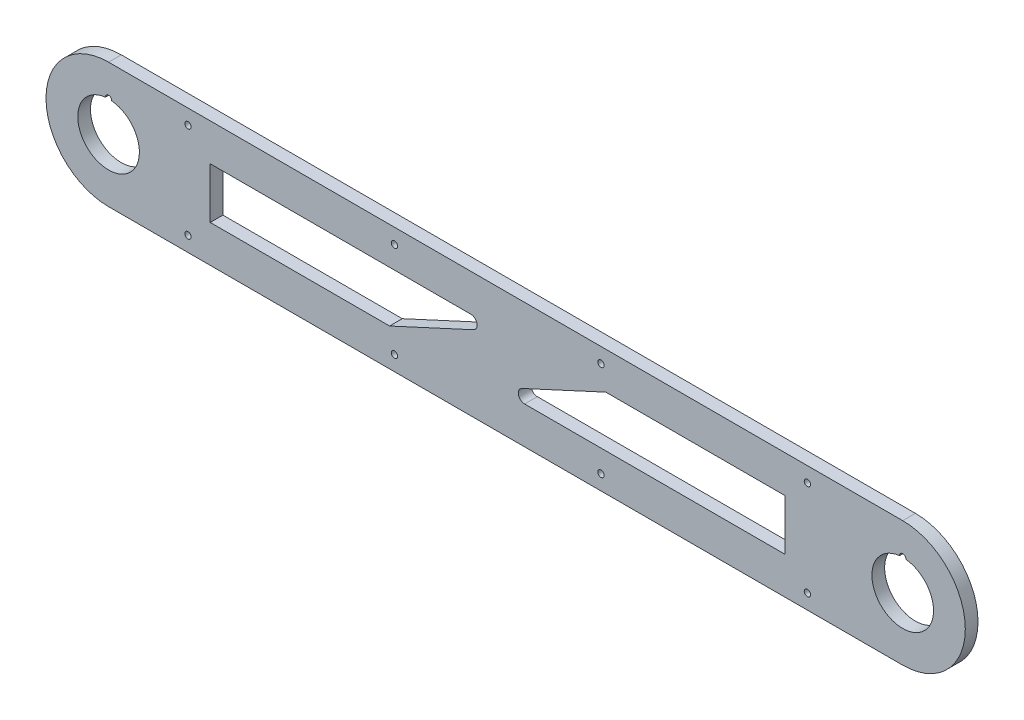
ISO-10303-21;
HEADER;
FILE_DESCRIPTION(('STEP AP214'),'2;1');
FILE_NAME('part.step','',(''),(''),'','','');
FILE_SCHEMA(('AUTOMOTIVE_DESIGN { 1 0 10303 214 1 1 1 1 }'));
ENDSEC;
DATA;
#1=APPLICATION_CONTEXT('core data for automotive mechanical design processes');
#2=APPLICATION_PROTOCOL_DEFINITION('international standard','automotive_design',2000,#1);
#3=PRODUCT_CONTEXT('',#1,'mechanical');
#4=PRODUCT('Part','Part','',(#3));
#5=PRODUCT_RELATED_PRODUCT_CATEGORY('part','',(#4));
#6=PRODUCT_DEFINITION_FORMATION('','',#4);
#7=PRODUCT_DEFINITION_CONTEXT('part definition',#1,'design');
#8=PRODUCT_DEFINITION('design','',#6,#7);
#9=PRODUCT_DEFINITION_SHAPE('','',#8);
#10=(LENGTH_UNIT() NAMED_UNIT(*) SI_UNIT(.MILLI.,.METRE.));
#11=(NAMED_UNIT(*) PLANE_ANGLE_UNIT() SI_UNIT($,.RADIAN.));
#12=(NAMED_UNIT(*) SI_UNIT($,.STERADIAN.) SOLID_ANGLE_UNIT());
#13=UNCERTAINTY_MEASURE_WITH_UNIT(LENGTH_MEASURE(1.E-05),#10,'distance_accuracy_value','');
#14=(GEOMETRIC_REPRESENTATION_CONTEXT(3) GLOBAL_UNCERTAINTY_ASSIGNED_CONTEXT((#13)) GLOBAL_UNIT_ASSIGNED_CONTEXT((#10,
#11,#12)) REPRESENTATION_CONTEXT('',''));
#15=CARTESIAN_POINT('',(0.,0.,0.));
#16=DIRECTION('',(0.,0.,1.));
#17=DIRECTION('',(1.,0.,0.));
#18=AXIS2_PLACEMENT_3D('',#15,#16,#17);
#19=CARTESIAN_POINT('',(0.,0.,4.));
#20=DIRECTION('',(0.,0.,1.));
#21=DIRECTION('',(1.,0.,0.));
#22=AXIS2_PLACEMENT_3D('',#19,#20,#21);
#23=PLANE('',#22);
#24=CARTESIAN_POINT('',(0.,9.7,4.));
#25=DIRECTION('',(0.,0.,1.));
#26=DIRECTION('',(1.,0.,0.));
#27=AXIS2_PLACEMENT_3D('',#24,#25,#26);
#28=CIRCLE('',#27,1.);
#29=CARTESIAN_POINT('',(0.998670601097925,9.64845360824742,4.));
#30=VERTEX_POINT('',#29);
#31=CARTESIAN_POINT('',(-0.998670601097925,9.64845360824742,4.));
#32=VERTEX_POINT('',#31);
#33=EDGE_CURVE('E53',#30,#32,#28,.T.);
#34=ORIENTED_EDGE('',*,*,#33,.F.);
#35=CARTESIAN_POINT('',(0.,0.,4.));
#36=DIRECTION('',(0.,0.,1.));
#37=DIRECTION('',(1.,0.,0.));
#38=AXIS2_PLACEMENT_3D('',#35,#36,#37);
#39=CIRCLE('',#38,9.7);
#40=EDGE_CURVE('E186',#32,#30,#39,.T.);
#41=ORIENTED_EDGE('',*,*,#40,.F.);
#42=EDGE_LOOP('',(#34,#41));
#43=FACE_BOUND('',#42,.T.);
#44=CARTESIAN_POINT('',(250.,9.69999999999999,4.));
#45=DIRECTION('',(0.,0.,1.));
#46=DIRECTION('',(1.,0.,0.));
#47=AXIS2_PLACEMENT_3D('',#44,#45,#46);
#48=CIRCLE('',#47,0.999999999999998);
#49=CARTESIAN_POINT('',(250.998670601098,9.64845360824742,4.));
#50=VERTEX_POINT('',#49);
#51=CARTESIAN_POINT('',(249.001329398902,9.64845360824742,4.));
#52=VERTEX_POINT('',#51);
#53=EDGE_CURVE('E61',#50,#52,#48,.T.);
#54=ORIENTED_EDGE('',*,*,#53,.F.);
#55=CARTESIAN_POINT('',(250.,0.,4.));
#56=DIRECTION('',(0.,0.,1.));
#57=DIRECTION('',(1.,0.,0.));
#58=AXIS2_PLACEMENT_3D('',#55,#56,#57);
#59=CIRCLE('',#58,9.7);
#60=EDGE_CURVE('E175',#52,#50,#59,.T.);
#61=ORIENTED_EDGE('',*,*,#60,.F.);
#62=EDGE_LOOP('',(#54,#61));
#63=FACE_BOUND('',#62,.T.);
#64=CARTESIAN_POINT('',(130.976731594915,-6.,4.));
#65=DIRECTION('',(0.,0.,1.));
#66=DIRECTION('',(-1.,0.,0.));
#67=AXIS2_PLACEMENT_3D('',#64,#65,#66);
#68=CIRCLE('',#67,2.);
#69=CARTESIAN_POINT('',(130.138615239991,-4.18408123099903,4.));
#70=VERTEX_POINT('',#69);
#71=CARTESIAN_POINT('',(130.976731594915,-8.,4.));
#72=VERTEX_POINT('',#71);
#73=EDGE_CURVE('E332',#70,#72,#68,.T.);
#74=ORIENTED_EDGE('',*,*,#73,.F.);
#75=DIRECTION('',(-0.907959384500451,-0.419058177461749,0.));
#76=VECTOR('',#75,1.);
#77=CARTESIAN_POINT('',(156.537457907156,8.,4.));
#78=LINE('',#77,#76);
#79=CARTESIAN_POINT('',(156.537457907156,8.,4.));
#80=VERTEX_POINT('',#79);
#81=EDGE_CURVE('E348',#80,#70,#78,.T.);
#82=ORIENTED_EDGE('',*,*,#81,.F.);
#83=DIRECTION('',(-1.,0.,0.));
#84=VECTOR('',#83,1.);
#85=CARTESIAN_POINT('',(156.537457907156,8.,4.));
#86=LINE('',#85,#84);
#87=CARTESIAN_POINT('',(213.,8.,4.));
#88=VERTEX_POINT('',#87);
#89=EDGE_CURVE('E344',#88,#80,#86,.T.);
#90=ORIENTED_EDGE('',*,*,#89,.F.);
#91=DIRECTION('',(0.,1.,0.));
#92=VECTOR('',#91,1.);
#93=CARTESIAN_POINT('',(213.,8.,4.));
#94=LINE('',#93,#92);
#95=CARTESIAN_POINT('',(213.,-8.,4.));
#96=VERTEX_POINT('',#95);
#97=EDGE_CURVE('E340',#96,#88,#94,.T.);
#98=ORIENTED_EDGE('',*,*,#97,.F.);
#99=DIRECTION('',(1.,0.,0.));
#100=VECTOR('',#99,1.);
#101=CARTESIAN_POINT('',(213.,-8.,4.));
#102=LINE('',#101,#100);
#103=EDGE_CURVE('E335',#72,#96,#102,.T.);
#104=ORIENTED_EDGE('',*,*,#103,.F.);
#105=EDGE_LOOP('',(#74,#82,#90,#98,#104));
#106=FACE_BOUND('',#105,.T.);
#107=DIRECTION('',(0.,-1.,0.));
#108=VECTOR('',#107,1.);
#109=CARTESIAN_POINT('',(32.0000000000003,-8.,4.));
#110=LINE('',#109,#108);
#111=CARTESIAN_POINT('',(32.0000000000003,8.,4.));
#112=VERTEX_POINT('',#111);
#113=CARTESIAN_POINT('',(32.0000000000003,-8.,4.));
#114=VERTEX_POINT('',#113);
#115=EDGE_CURVE('E323',#112,#114,#110,.T.);
#116=ORIENTED_EDGE('',*,*,#115,.F.);
#117=DIRECTION('',(-1.,0.,0.));
#118=VECTOR('',#117,1.);
#119=CARTESIAN_POINT('',(32.0000000000003,8.,4.));
#120=LINE('',#119,#118);
#121=CARTESIAN_POINT('',(114.023268405086,8.,4.));
#122=VERTEX_POINT('',#121);
#123=EDGE_CURVE('E383',#122,#112,#120,.T.);
#124=ORIENTED_EDGE('',*,*,#123,.F.);
#125=CARTESIAN_POINT('',(114.023268405086,6.,4.));
#126=DIRECTION('',(0.,0.,1.));
#127=DIRECTION('',(1.,0.,0.));
#128=AXIS2_PLACEMENT_3D('',#125,#126,#127);
#129=CIRCLE('',#128,2.);
#130=CARTESIAN_POINT('',(114.861384760009,4.18408123099904,4.));
#131=VERTEX_POINT('',#130);
#132=EDGE_CURVE('E379',#131,#122,#129,.T.);
#133=ORIENTED_EDGE('',*,*,#132,.F.);
#134=DIRECTION('',(0.907959384500451,0.419058177461749,0.));
#135=VECTOR('',#134,1.);
#136=CARTESIAN_POINT('',(114.861384760009,4.18408123099903,4.));
#137=LINE('',#136,#135);
#138=CARTESIAN_POINT('',(88.4625420928446,-8.,4.));
#139=VERTEX_POINT('',#138);
#140=EDGE_CURVE('E375',#139,#131,#137,.T.);
#141=ORIENTED_EDGE('',*,*,#140,.F.);
#142=DIRECTION('',(1.,0.,0.));
#143=VECTOR('',#142,1.);
#144=CARTESIAN_POINT('',(88.4625420928446,-8.,4.));
#145=LINE('',#144,#143);
#146=EDGE_CURVE('E371',#114,#139,#145,.T.);
#147=ORIENTED_EDGE('',*,*,#146,.F.);
#148=EDGE_LOOP('',(#116,#124,#133,#141,#147));
#149=FACE_BOUND('',#148,.T.);
#150=CARTESIAN_POINT('',(90.0000000000003,-15.,4.));
#151=DIRECTION('',(0.,0.,1.));
#152=DIRECTION('',(1.,0.,0.));
#153=AXIS2_PLACEMENT_3D('',#150,#151,#152);
#154=CIRCLE('',#153,0.999999999999998);
#155=CARTESIAN_POINT('',(91.0000000000003,-15.,4.));
#156=VERTEX_POINT('',#155);
#157=EDGE_CURVE('E406',#156,#156,#154,.T.);
#158=ORIENTED_EDGE('',*,*,#157,.F.);
#159=EDGE_LOOP('',(#158));
#160=FACE_BOUND('',#159,.T.);
#161=CARTESIAN_POINT('',(220.,15.,4.));
#162=DIRECTION('',(0.,0.,1.));
#163=DIRECTION('',(1.,0.,0.));
#164=AXIS2_PLACEMENT_3D('',#161,#162,#163);
#165=CIRCLE('',#164,0.999999999999998);
#166=CARTESIAN_POINT('',(221.,15.,4.));
#167=VERTEX_POINT('',#166);
#168=EDGE_CURVE('E414',#167,#167,#165,.T.);
#169=ORIENTED_EDGE('',*,*,#168,.F.);
#170=EDGE_LOOP('',(#169));
#171=FACE_BOUND('',#170,.T.);
#172=CARTESIAN_POINT('',(155.,15.,4.));
#173=DIRECTION('',(0.,0.,1.));
#174=DIRECTION('',(1.,0.,0.));
#175=AXIS2_PLACEMENT_3D('',#172,#173,#174);
#176=CIRCLE('',#175,0.999999999999998);
#177=CARTESIAN_POINT('',(156.,15.,4.));
#178=VERTEX_POINT('',#177);
#179=EDGE_CURVE('E418',#178,#178,#176,.T.);
#180=ORIENTED_EDGE('',*,*,#179,.F.);
#181=EDGE_LOOP('',(#180));
#182=FACE_BOUND('',#181,.T.);
#183=CARTESIAN_POINT('',(90.,15.,4.));
#184=DIRECTION('',(0.,0.,1.));
#185=DIRECTION('',(1.,0.,0.));
#186=AXIS2_PLACEMENT_3D('',#183,#184,#185);
#187=CIRCLE('',#186,1.00000000000001);
#188=CARTESIAN_POINT('',(91.,15.,4.));
#189=VERTEX_POINT('',#188);
#190=EDGE_CURVE('E422',#189,#189,#187,.T.);
#191=ORIENTED_EDGE('',*,*,#190,.F.);
#192=EDGE_LOOP('',(#191));
#193=FACE_BOUND('',#192,.T.);
#194=CARTESIAN_POINT('',(155.,-15.,4.));
#195=DIRECTION('',(0.,0.,1.));
#196=DIRECTION('',(1.,0.,0.));
#197=AXIS2_PLACEMENT_3D('',#194,#195,#196);
#198=CIRCLE('',#197,0.999999999999998);
#199=CARTESIAN_POINT('',(156.,-15.,4.));
#200=VERTEX_POINT('',#199);
#201=EDGE_CURVE('E402',#200,#200,#198,.T.);
#202=ORIENTED_EDGE('',*,*,#201,.F.);
#203=EDGE_LOOP('',(#202));
#204=FACE_BOUND('',#203,.T.);
#205=CARTESIAN_POINT('',(220.,-15.,4.));
#206=DIRECTION('',(0.,0.,1.));
#207=DIRECTION('',(1.,0.,0.));
#208=AXIS2_PLACEMENT_3D('',#205,#206,#207);
#209=CIRCLE('',#208,0.999999999999998);
#210=CARTESIAN_POINT('',(221.,-15.,4.));
#211=VERTEX_POINT('',#210);
#212=EDGE_CURVE('E407',#211,#211,#209,.T.);
#213=ORIENTED_EDGE('',*,*,#212,.F.);
#214=EDGE_LOOP('',(#213));
#215=FACE_BOUND('',#214,.T.);
#216=CARTESIAN_POINT('',(25.0000000000003,-15.,4.));
#217=DIRECTION('',(0.,0.,1.));
#218=DIRECTION('',(1.,0.,0.));
#219=AXIS2_PLACEMENT_3D('',#216,#217,#218);
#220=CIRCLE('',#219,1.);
====
Task: Starting with the line that has "#215=FACE_BOUND('',#214,.T.);", print each remaining line of the listing exactly.

Answer section:
#215=FACE_BOUND('',#214,.T.);
#216=CARTESIAN_POINT('',(25.0000000000003,-15.,4.));
#217=DIRECTION('',(0.,0.,1.));
#218=DIRECTION('',(1.,0.,0.));
#219=AXIS2_PLACEMENT_3D('',#216,#217,#218);
#220=CIRCLE('',#219,1.);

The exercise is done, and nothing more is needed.